# Removing Alternator on 1998 SE



## SupraMK3 (Oct 2, 2005)

I found out that my alternator is not charging right and giving my dash gauges a Christmas lights effects. Question is how hard is it to remove and replace the alternator and the two belts? I check the repair manual and it looks very easy. Of course, it always looked easier on paper then when I actually do the work it's a whole new ball game. Any tips and suggestions would be appreciated.


----------



## Mattster2k5 (Jan 22, 2006)

Its not to hard but the hardest part is getting the belts back on.


----------



## SupraMK3 (Oct 2, 2005)

I finally removed the alternator and got it out. Freaking CA pre-cat on the header got in the way and I did extra work to get the alternator out. Is there anything else I should check or replace while I'm at it?


----------



## Mattster2k5 (Jan 22, 2006)

You could get lightweight pulleys and put those on. 

I replaced my Alternator in December I think. Scary driving home in the dark when your lights get dimmer and dimmer.

I wish it was as easy to change as my trucks. Take 2 bolts out and its out easy as that.


----------



## SupraMK3 (Oct 2, 2005)

I can't get the outer belt out so I cut that bitch. Now I can't seem to get the outer belt in. Is there a nut somewhere I could loosen to give me more room? Somebody please help.....I'm very frustrated and about to go break something.


----------



## wes (Apr 30, 2002)

SupraMK3 said:


> I can't get the outer belt out so I cut that bitch. Now I can't seem to get the outer belt in. Is there a nut somewhere I could loosen to give me more room? Somebody please help.....I'm very frustrated and about to go break something.


Dude go download the FSM and research this before you blow a gasket. Hell I know for a FACT the belt removl page has been posted on the forum before. A search might help.


----------



## SupraMK3 (Oct 2, 2005)

wes said:


> Dude go download the FSM and research this before you blow a gasket. Hell I know for a FACT the belt removl page has been posted on the forum before. A search might help.


For your information, I did went over the FSM and the two pictures on the belt adjusting page weren't as helpful as I thought it to be. I'm familiar with RWD car setup and this was my first experience doing anything major on a FWD car. The belt setup on Toyota and Nissan are as different as can be. Don't be post whoring my thread if you got nothing positive to contribute.
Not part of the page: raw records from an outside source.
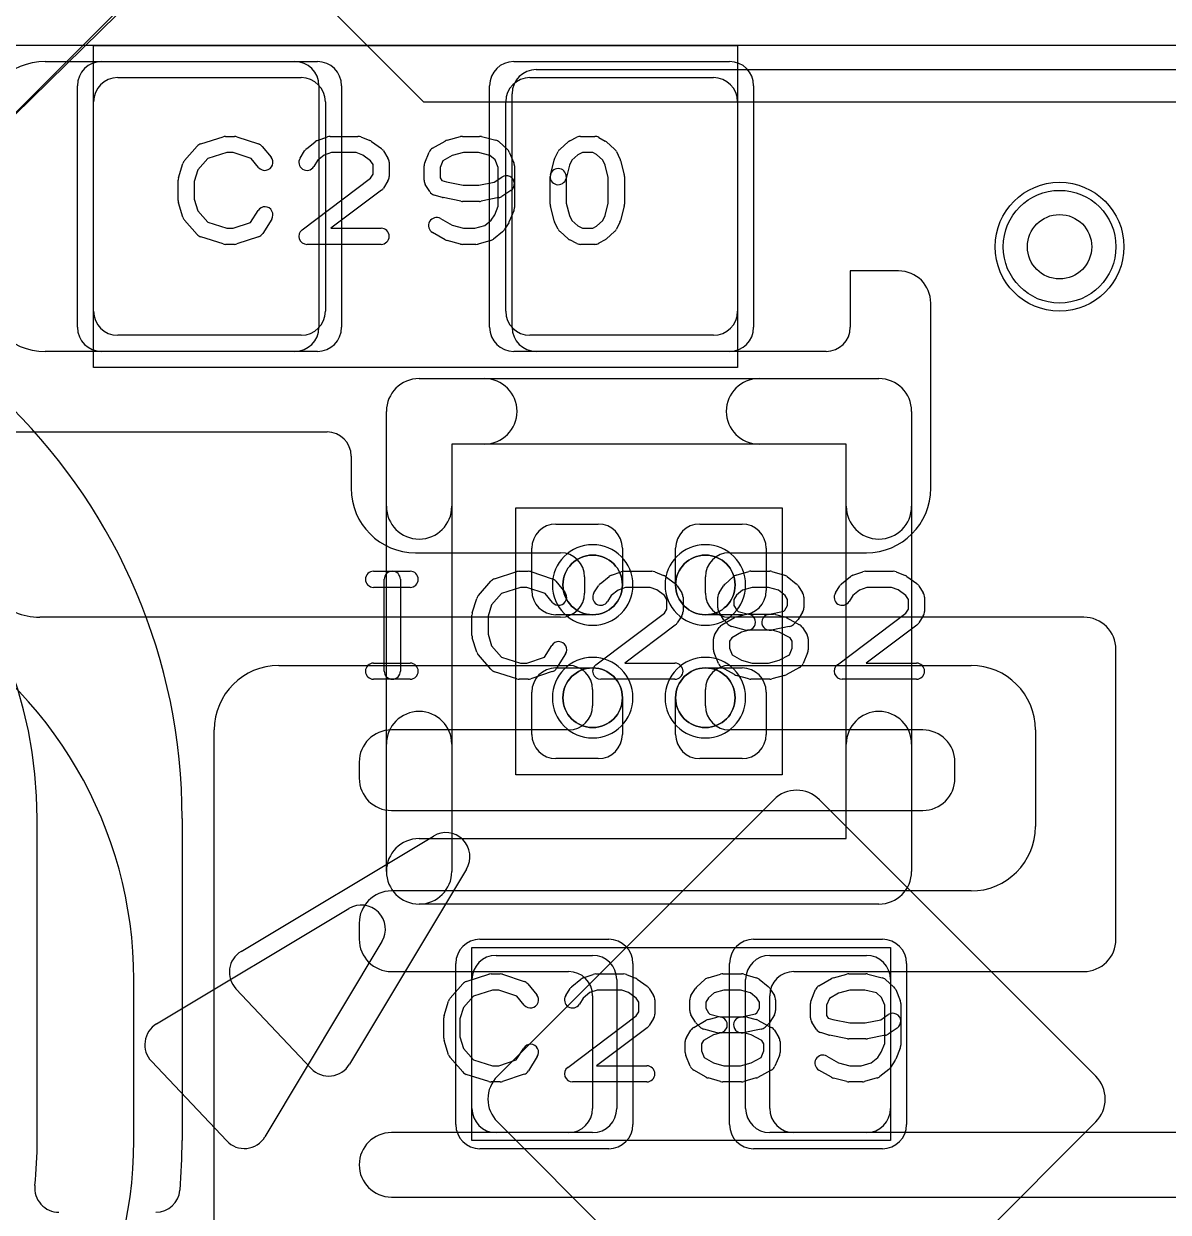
# Model space of a CAD drawing. Extents: x -1 to 20.9, y -0.5 to 20.
# Drawn here: x 2.858 to 6.412, y 10.878 to 14.567 of the extents above; entities that cross this region are included whole.
import ezdxf

# ---------------------------------------------------------------- set-up
doc = ezdxf.new("R2010")
doc.units = 0
for name, color, linetype in [('Hole', 1, 'CONTINUOUS'), ('L1', 3, 'CONTINUOUS'), ('L4', 3, 'CONTINUOUS'), ('MetalMask-A', 176, 'CONTINUOUS'), ('PartsArea-A', 111, 'CONTINUOUS'), ('PartsArea-B', 111, 'CONTINUOUS'), ('PartsSilk-A', 221, 'CONTINUOUS'), ('PartsSilk-B', 221, 'CONTINUOUS'), ('Resist-A', 2, 'CONTINUOUS'), ('Resist-B', 2, 'CONTINUOUS'), ('Silk-A', 140, 'CONTINUOUS'), ('Silk-B', 140, 'CONTINUOUS')]:
    doc.layers.add(name, color=color, linetype=linetype)

msp = doc.modelspace()

# ---------------------------------------------------------------- linework, layer by layer
at = {"layer": 'Hole'}
msp.add_circle((6.075, 13.875), 0.1, dxfattribs=at)
at = {"layer": 'L1'}
for p, q in [((2.925, 14.45), (3.70003, 14.45)), ((3.15, 14.4), (3.72, 14.4)), ((4.43, 14.4), (5, 14.4)), ((4.44997, 14.425), (7.35003, 14.425)), ((3.775, 14.37503), (3.775, 13.62497)), ((3.075, 13.675), (3.075, 14.325)), ((3.795, 14.325), (3.795, 13.675)), ((4.355, 13.675), (4.355, 14.325)), ((4.375, 13.62497), (4.375, 14.35003)), ((5.075, 14.325), (5.075, 13.675)), ((5.575, 13.8), (5.425, 13.8)), ((5.425, 13.8), (5.425, 13.62497)), ((5.675, 13.125), (5.675, 13.7)), ((3.72, 13.6), (3.15, 13.6)), ((5, 13.6), (4.43, 13.6)), ((3.70003, 13.55), (2.925, 13.55)), ((5.35003, 13.55), (4.44997, 13.55)), ((2.80784, 13.3), (3.80003, 13.3)), ((3.875, 13.22503), (3.875, 13.125)), ((4.511, 13.014), (4.6425, 13.014)), ((4.9575, 13.014), (5.089, 13.014)), ((4.075, 12.925), (4.52503, 12.925)), ((4.436, 12.8075), (4.436, 12.939)), ((4.7175, 12.939), (4.7175, 12.825)), ((4.8825, 12.825), (4.8825, 12.939)), ((5.04997, 12.925), (5.475, 12.925)), ((5.164, 12.939), (5.164, 12.8075)), ((4.6, 12.85003), (4.6, 12.79997)), ((4.975, 12.79997), (4.975, 12.85003)), ((4.625, 12.7325), (4.511, 12.7325)), ((5.089, 12.7325), (4.975, 12.7325)), ((4.52503, 12.725), (2.90784, 12.725)), ((6.15, 12.725), (5.04997, 12.725)), ((6.25, 11.725), (6.25, 12.625)), ((3.65, 12.575), (4.55003, 12.575)), ((4.511, 12.5675), (4.625, 12.5675)), ((4.975, 12.5675), (5.089, 12.5675)), ((5.04997, 12.575), (5.8, 12.575)), ((4.436, 12.361), (4.436, 12.4925)), ((4.625, 12.50003), (4.625, 12.44997)), ((4.7175, 12.475), (4.7175, 12.361)), ((4.8825, 12.361), (4.8825, 12.475)), ((4.975, 12.44997), (4.975, 12.50003)), ((5.164, 12.4925), (5.164, 12.361)), ((3.45, 10.85), (3.45, 12.375)), ((4.55003, 12.375), (4, 12.375)), ((5.65, 12.375), (5.04997, 12.375)), ((6, 12.375), (6, 12.075)), ((4.6425, 12.286), (4.511, 12.286)), ((5.089, 12.286), (4.9575, 12.286)), ((3.9, 12.275), (3.9, 12.225)), ((5.75, 12.225), (5.75, 12.275)), ((4, 12.125), (5.65, 12.125)), ((5.8, 11.875), (4, 11.875)), ((3.9, 11.775), (3.9, 11.725)), ((4.325, 11.675), (4.625, 11.675)), ((5.175, 11.675), (5.475, 11.675)), ((4, 11.625), (4.55003, 11.625)), ((5.24997, 11.625), (6.15, 11.625)), ((4.25, 11.2), (4.25, 11.6)), ((4.7, 11.6), (4.7, 11.2)), ((5.1, 11.2), (5.1, 11.6)), ((5.55, 11.6), (5.55, 11.2)), ((4.625, 11.55003), (4.625, 11.19997)), ((5.175, 11.19997), (5.175, 11.55003)), ((4.55003, 11.125), (4, 11.125)), ((4.625, 11.125), (4.325, 11.125)), ((5.475, 11.125), (5.175, 11.125)), ((6.45, 11.125), (5.24997, 11.125)), ((4, 10.925), (6.675, 10.925))]:
    msp.add_line(p, q, dxfattribs=at)
for centre, radius in [((6.075, 13.875), 0.2), ((4.625, 12.825), 0.0925), ((4.975, 12.825), 0.0925), ((4.625, 12.475), 0.0925), ((4.975, 12.475), 0.0925)]:
    msp.add_circle(centre, radius, dxfattribs=at)
for centre, radius, start, end in [((2.925, 14.25), 0.2, 90, 180), ((3.70003, 14.37503), 0.07497, 0, 90), ((3.15, 14.325), 0.075, 90, 180), ((3.72, 14.325), 0.075, 0, 90), ((4.43, 14.325), 0.075, 90, 180), ((4.44997, 14.35003), 0.07497, 90, 180), ((5, 14.325), 0.075, 0, 90), ((5.575, 13.7), 0.1, 0, 90), ((2.925, 13.75), 0.2, 180, -90), ((3.15, 13.675), 0.075, 180, -90), ((3.72, 13.675), 0.075, -90, 0), ((4.43, 13.675), 0.075, 180, -90), ((5, 13.675), 0.075, -90, 0), ((3.70003, 13.62497), 0.07497, -90, 0), ((4.44997, 13.62497), 0.07497, 180, -90), ((5.35003, 13.62497), 0.07497, -90, 0), ((3.80003, 13.22503), 0.07497, 0, 90), ((4.075, 13.125), 0.2, 180, -90), ((5.475, 13.125), 0.2, -90, 0), ((4.511, 12.939), 0.075, 90, 180), ((4.6425, 12.939), 0.075, 0, 90), ((4.9575, 12.939), 0.075, 90, 180), ((5.089, 12.939), 0.075, 0, 90), ((4.52503, 12.85003), 0.07497, 0, 90), ((5.04997, 12.85003), 0.07497, 90, 180), ((4.511, 12.8075), 0.075, 180, -90), ((4.625, 12.825), 0.0925, -90, 0), ((4.975, 12.825), 0.0925, 180, -90), ((5.089, 12.8075), 0.075, -90, 0), ((2.90784, 12.925), 0.2, -135, -90), ((4.52503, 12.79997), 0.07497, -90, 0), ((5.04997, 12.79997), 0.07497, 180, -90), ((6.15, 12.625), 0.1, 0, 90), ((3.65, 12.375), 0.2, 90, 180), ((4.511, 12.4925), 0.075, 90, 180), ((4.55003, 12.50003), 0.07497, 0, 90), ((4.625, 12.475), 0.0925, 0, 90), ((4.975, 12.475), 0.0925, 90, 180), ((5.04997, 12.50003), 0.07497, 90, 180), ((5.089, 12.4925), 0.075, 0, 90), ((5.8, 12.375), 0.2, 0, 90), ((4.55003, 12.44997), 0.07497, -90, 0), ((5.04997, 12.44997), 0.07497, 180, -90), ((4, 12.275), 0.1, 90, 180), ((4.511, 12.361), 0.075, 180, -90), ((4.6425, 12.361), 0.075, -90, 0), ((4.9575, 12.361), 0.075, 180, -90), ((5.089, 12.361), 0.075, -90, 0), ((5.65, 12.275), 0.1, 0, 90), ((4, 12.225), 0.1, 180, -90), ((5.65, 12.225), 0.1, -90, 0), ((5.8, 12.075), 0.2, -90, 0), ((4, 11.775), 0.1, 90, 180), ((4, 11.725), 0.1, 180, -90), ((6.15, 11.725), 0.1, -90, 0), ((4.325, 11.6), 0.075, 90, 180), ((4.625, 11.6), 0.075, 0, 90), ((5.175, 11.6), 0.075, 90, 180), ((5.475, 11.6), 0.075, 0, 90), ((4.55003, 11.55003), 0.07497, 0, 90), ((5.24997, 11.55003), 0.07497, 90, 180), ((4.325, 11.2), 0.075, 180, -90), ((4.55003, 11.19997), 0.07497, -90, 0), ((4.625, 11.2), 0.075, -90, 0), ((5.175, 11.2), 0.075, 180, -90), ((5.24997, 11.19997), 0.07497, 180, -90), ((5.475, 11.2), 0.075, -90, 0), ((4, 11.025), 0.1, 90, 180), ((4, 11.025), 0.1, 180, -90)]:
    msp.add_arc(centre, radius, start, end, dxfattribs=at)
at = {"layer": 'L4'}
for p, q in [((3.475, 14.95), (4.1, 14.325)), ((4.1, 14.325), (13.49394, 14.325)), ((5.18763, 12.1585), (4.32904, 11.29991)), ((6.18762, 11.29992), (5.32903, 12.1585)), ((3.20004, 11.1), (3.20004, 11.6)), ((4.32904, 11.15849), (5.18762, 10.29991)), ((5.32904, 10.29991), (6.18762, 11.15849))]:
    msp.add_line(p, q, dxfattribs=at)
msp.add_circle((6.075, 13.875), 0.2, dxfattribs=at)
for centre, radius, start, end in [((1.9, 11.6), 1.30004, 0, 60.6011), ((5.25833, 12.0878), 0.09998, 45, 135), ((4.39974, 11.2292), 0.09999, 134.99595, -134.99595), ((6.11691, 11.2292), 0.10001, -45, 45.00405), ((1.9, 11.1), 1.30004, -60.6011, 0)]:
    msp.add_arc(centre, radius, start, end, dxfattribs=at)
at = {"layer": 'MetalMask-A'}
for p, q in [((3.15, 14.4), (3.72, 14.4)), ((4.43, 14.4), (5, 14.4)), ((3.075, 13.675), (3.075, 14.325)), ((3.795, 14.325), (3.795, 13.675)), ((4.355, 13.675), (4.355, 14.325)), ((5.075, 14.325), (5.075, 13.675)), ((3.72, 13.6), (3.15, 13.6)), ((5, 13.6), (4.43, 13.6)), ((4.325, 11.675), (4.625, 11.675)), ((5.175, 11.675), (5.475, 11.675)), ((4.25, 11.2), (4.25, 11.6)), ((4.7, 11.6), (4.7, 11.2)), ((5.1, 11.2), (5.1, 11.6)), ((5.55, 11.6), (5.55, 11.2)), ((4.625, 11.125), (4.325, 11.125)), ((5.475, 11.125), (5.175, 11.125))]:
    msp.add_line(p, q, dxfattribs=at)
for centre, radius, start, end in [((3.15, 14.325), 0.075, 90, 180), ((3.72, 14.325), 0.075, 0, 90), ((4.43, 14.325), 0.075, 90, 180), ((5, 14.325), 0.075, 0, 90), ((3.15, 13.675), 0.075, 180, -90), ((3.72, 13.675), 0.075, -90, 0), ((4.43, 13.675), 0.075, 180, -90), ((5, 13.675), 0.075, -90, 0), ((4.625, 12.825), 0.0925, 0, 180), ((4.975, 12.825), 0.0925, 0, 180), ((4.625, 12.825), 0.0925, 180, 0), ((4.975, 12.825), 0.0925, 180, 0), ((4.625, 12.475), 0.0925, 0, 180), ((4.975, 12.475), 0.0925, 0, 180), ((4.625, 12.475), 0.0925, 180, 0), ((4.975, 12.475), 0.0925, 180, 0), ((4.325, 11.6), 0.075, 90, 180), ((4.625, 11.6), 0.075, 0, 90), ((5.175, 11.6), 0.075, 90, 180), ((5.475, 11.6), 0.075, 0, 90), ((4.325, 11.2), 0.075, 180, -90), ((4.625, 11.2), 0.075, -90, 0), ((5.175, 11.2), 0.075, 180, -90), ((5.475, 11.2), 0.075, -90, 0)]:
    msp.add_arc(centre, radius, start, end, dxfattribs=at)
at = {"layer": 'PartsArea-A'}
for p, q in [((20, 14.5), (0, 14.5)), ((3.075, 13.5), (3.075, 14.5)), ((3.075, 14.5), (5.075, 14.5)), ((5.075, 14.5), (5.075, 13.5)), ((5.075, 13.5), (3.075, 13.5)), ((4.386, 12.236), (4.386, 13.064)), ((4.386, 13.064), (5.214, 13.064)), ((5.214, 13.064), (5.214, 12.236)), ((5.214, 12.236), (4.386, 12.236)), ((4.25, 11.1), (4.25, 11.7)), ((4.25, 11.7), (5.55, 11.7)), ((5.55, 11.7), (5.55, 11.1)), ((5.55, 11.1), (4.25, 11.1))]:
    msp.add_line(p, q, dxfattribs=at)
at = {"layer": 'PartsArea-B'}
msp.add_line((20, 14.5), (0, 14.5), dxfattribs=at)
at = {"layer": 'PartsSilk-A'}
for p, q in [((3.40766, 14.19418), (3.4771, 14.2164)), ((3.48472, 14.21759), (3.5125, 14.21759)), ((3.5204, 14.21631), (3.58707, 14.19409)), ((3.77063, 14.20497), (3.80118, 14.21608)), ((3.80972, 14.21759), (3.89583, 14.21759)), ((3.90511, 14.2158), (3.93289, 14.20469)), ((4.17273, 14.20564), (4.21439, 14.21675)), ((4.22083, 14.21759), (4.27361, 14.21759)), ((4.27967, 14.21684), (4.32412, 14.20573)), ((4.5541, 14.20384), (4.57632, 14.21495)), ((4.5875, 14.21759), (4.63194, 14.21759)), ((4.64434, 14.2143), (4.66379, 14.20319)), ((3.35758, 14.14239), (3.39647, 14.18683)), ((3.48862, 14.16759), (3.42952, 14.14868)), ((3.50844, 14.16759), (3.48862, 14.16759)), ((3.56452, 14.1489), (3.50844, 14.16759)), ((3.59838, 14.18637), (3.62615, 14.15304)), ((3.7163, 14.15029), (3.73019, 14.17251)), ((3.73577, 14.17878), (3.76355, 14.201)), ((3.81412, 14.16759), (3.79158, 14.15939)), ((3.89102, 14.16759), (3.81412, 14.16759)), ((3.91143, 14.15943), (3.89102, 14.16759)), ((3.93831, 14.2017), (3.96887, 14.17948)), ((3.97537, 14.17251), (3.98926, 14.15029)), ((4.10331, 14.13555), (4.1172, 14.16888)), ((4.12788, 14.18097), (4.16677, 14.20319)), ((4.22411, 14.16759), (4.18875, 14.15816)), ((4.27053, 14.16759), (4.22411, 14.16759)), ((4.30604, 14.15871), (4.27053, 14.16759)), ((4.33467, 14.20017), (4.35967, 14.17795)), ((4.36614, 14.16887), (4.38002, 14.13554)), ((4.50681, 14.14822), (4.51792, 14.17044)), ((4.52367, 14.17795), (4.54867, 14.20017)), ((4.5934, 14.16759), (4.57942, 14.1606)), ((4.6253, 14.16759), (4.5934, 14.16759)), ((4.63673, 14.16106), (4.6253, 14.16759)), ((4.668, 14.20017), (4.693, 14.17795)), ((4.69875, 14.17044), (4.70986, 14.14822)), ((3.33864, 14.08894), (3.35253, 14.13339)), ((3.42952, 14.14868), (3.39868, 14.11344)), ((3.58773, 14.12104), (3.56452, 14.1489)), ((3.77033, 14.1424), (3.7587, 14.12379)), ((3.79158, 14.15939), (3.77033, 14.1424)), ((3.93554, 14.14189), (3.91143, 14.15943)), ((3.94306, 14.12987), (3.93554, 14.14189)), ((3.99306, 14.13704), (3.99306, 14.09259)), ((4.16008, 14.14178), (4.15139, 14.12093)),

Thanks for your .02 Blowing a gasket changing out alternator and belts????:bs:


----------



## wes (Apr 30, 2002)

SupraMK3 said:


> For your information, I did went over the FSM and the two pictures on the belt adjusting page weren't as helpful as I thought it to be. I'm familiar with RWD car setup and this was my first experience doing anything major on a FWD car.  The belt setup on Toyota and Nissan are as different as can be. Don't be post whoring my thread if you got nothing positive to contribute. Thanks for your .02 Blowing a gasket changing out alternator and belts????:bs:


SO you have the FSM and still found it hard to get the outer belt off? Obviously you didn't have the tension off of it. If so what part did you not understand from the FSM... 

You make a post freaking out about something and how yo lost your patience, why not just post specifically what you have done and has not worked so we can help you remedy the issue rather than blowing a gasket???? 

I did contribute anyway, I told you to download the FSM :thumbup:


----------



## RivStar (Sep 5, 2004)

Alternator changes can be crazy especially if you're doing it for the first time on a B14. Most of us have been there. To get the belts back on you need to loosen the locking nut on the tension pully and mess around with the long adjusting bolt that goes through it. It's just under the bottom passenger side bolt of the alternator. I hope this helps a little.


----------



## SupraMK3 (Oct 2, 2005)

RivStar said:


> Alternator changes can be crazy especially if you're doing it for the first time on a B14. Most of us have been there. To get the belts back on you need to loosen the locking nut on the tension pully and mess around with the long adjusting bolt that goes through it. It's just under the bottom passenger side bolt of the alternator. I hope this helps a little.


This is the kind of information I was looking for. Thanks!:thumbup: I got the job done last night after figuring out which bolt to loosen the power steering pump for adjustment. And it pays to have good eyes to spot the bolt that loosens the pully tensior for the alternator belts. The car runs really smooth and I can drive with bright headlights now. 

Wes, I didn't mean to start ranting at you but I was just frustrated (blowing gaskets according to you ) at the moment when I was reading your message. The two pictures showing the belt adjustment didn't show anything about loosen the power steering pump for belt tension. I had to figure out this on my own since this is not in the book. I did specify what I needed to know. I asked if there was a nut hidden somewhere to loosen the power steering pump. You just came out with your big swinging :balls: and assumed me of my ignorance of not reading the FSM.


----------



## ditto0011 (Mar 2, 2005)

i bet it does help, but thats probably the 100th time that has been posted... SEARCH


----------



## wes (Apr 30, 2002)

ditto0011 said:


> i bet it does help, but thats probably the 100th time that has been posted... SEARCH


There is no need to come in after the questions has been answered and post this kind of stuff. It just causes flame wars....


----------